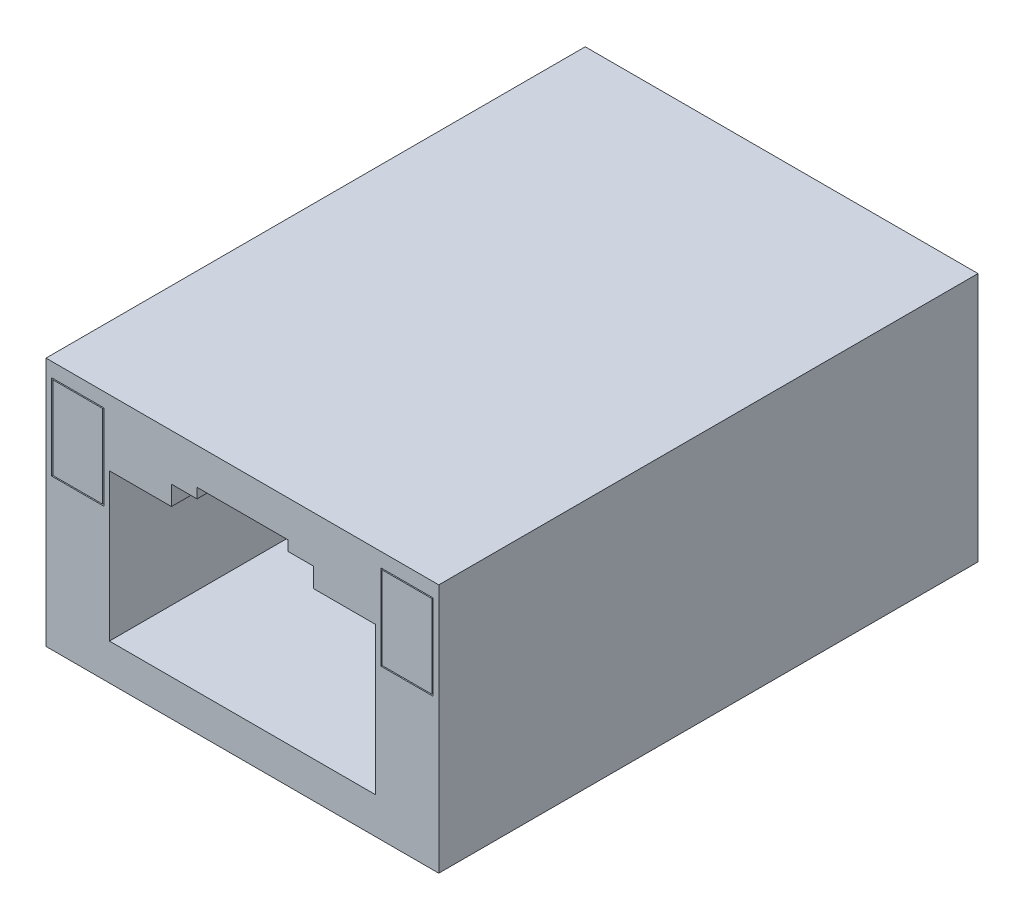
from build123d import *

# Parameters (mm, degrees)
SKETCH1_W           = 17.5768
SKETCH1_H           = 11.176
BOSS_EXTRUDE1_DEPTH = 24.13
CUT_EXTRUDE1_DEPTH  = 22.55
SKETCH3_W           = 2.3304
SKETCH3_H           = 3.81
SKETCH3_W_2         = 2.2288
SKETCH3_H_2         = 3.7084
CUT_EXTRUDE2_DEPTH  = 0.254


with BuildPart() as part:
    # Sketch1 → Boss-Extrude1 (new body)
    with BuildSketch(Plane.XY):
        with Locations((8.7884, 5.588)):
            Rectangle(SKETCH1_W, SKETCH1_H)
    extrude(amount=-BOSS_EXTRUDE1_DEPTH)

    # Sketch2 → Cut-Extrude1 (cut)
    with BuildSketch(Plane.XY):
        Polygon((2.8384, 1.628), (14.7384, 1.628), (14.7384, 8.228), (11.9634, 8.228), (11.9634, 9.098), (10.8184, 9.098), (10.8184, 9.548), (6.7584, 9.548), (6.7584, 9.098), (5.6134, 9.098), (5.6134, 8.228), (2.8384, 8.228), align=None)
    extrude(amount=-CUT_EXTRUDE1_DEPTH, mode=Mode.SUBTRACT)

    # Sketch3 → Cut-Extrude2 (cut)
    with BuildSketch(Plane.XY):
        with Locations((1.4192, 8.636)):
            Rectangle(SKETCH3_W, SKETCH3_H)
        with Locations((1.4192, 8.636)):
            Rectangle(SKETCH3_W_2, SKETCH3_H_2, mode=Mode.SUBTRACT)
        with Locations((16.1576, 8.636)):
            Rectangle(SKETCH3_W, SKETCH3_H)
        with Locations((16.1576, 8.636)):
            Rectangle(SKETCH3_W_2, SKETCH3_H_2, mode=Mode.SUBTRACT)
    extrude(amount=-CUT_EXTRUDE2_DEPTH, mode=Mode.SUBTRACT)


solid = part.part
====
## HOW TO COMPLETE THIS TASK
Each entry is to be given again exactly as it stands, with its pictures removed.

## TASK OUTPUT
from build123d import *

# Parameters (mm, degrees)
SKETCH1_W           = 17.5768
SKETCH1_H           = 11.176
BOSS_EXTRUDE1_DEPTH = 24.13
CUT_EXTRUDE1_DEPTH  = 22.55
SKETCH3_W           = 2.3304
SKETCH3_H           = 3.81
SKETCH3_W_2         = 2.2288
SKETCH3_H_2         = 3.7084
CUT_EXTRUDE2_DEPTH  = 0.254


with BuildPart() as part:
    # Sketch1 → Boss-Extrude1 (new body)
    with BuildSketch(Plane.XY):
        with Locations((8.7884, 5.588)):
            Rectangle(SKETCH1_W, SKETCH1_H)
    extrude(amount=-BOSS_EXTRUDE1_DEPTH)

    # Sketch2 → Cut-Extrude1 (cut)
    with BuildSketch(Plane.XY):
        Polygon((2.8384, 1.628), (14.7384, 1.628), (14.7384, 8.228), (11.9634, 8.228), (11.9634, 9.098), (10.8184, 9.098), (10.8184, 9.548), (6.7584, 9.548), (6.7584, 9.098), (5.6134, 9.098), (5.6134, 8.228), (2.8384, 8.228), align=None)
    extrude(amount=-CUT_EXTRUDE1_DEPTH, mode=Mode.SUBTRACT)

    # Sketch3 → Cut-Extrude2 (cut)
    with BuildSketch(Plane.XY):
        with Locations((1.4192, 8.636)):
            Rectangle(SKETCH3_W, SKETCH3_H)
        with Locations((1.4192, 8.636)):
            Rectangle(SKETCH3_W_2, SKETCH3_H_2, mode=Mode.SUBTRACT)
        with Locations((16.1576, 8.636)):
            Rectangle(SKETCH3_W, SKETCH3_H)
        with Locations((16.1576, 8.636)):
            Rectangle(SKETCH3_W_2, SKETCH3_H_2, mode=Mode.SUBTRACT)
    extrude(amount=-CUT_EXTRUDE2_DEPTH, mode=Mode.SUBTRACT)


solid = part.part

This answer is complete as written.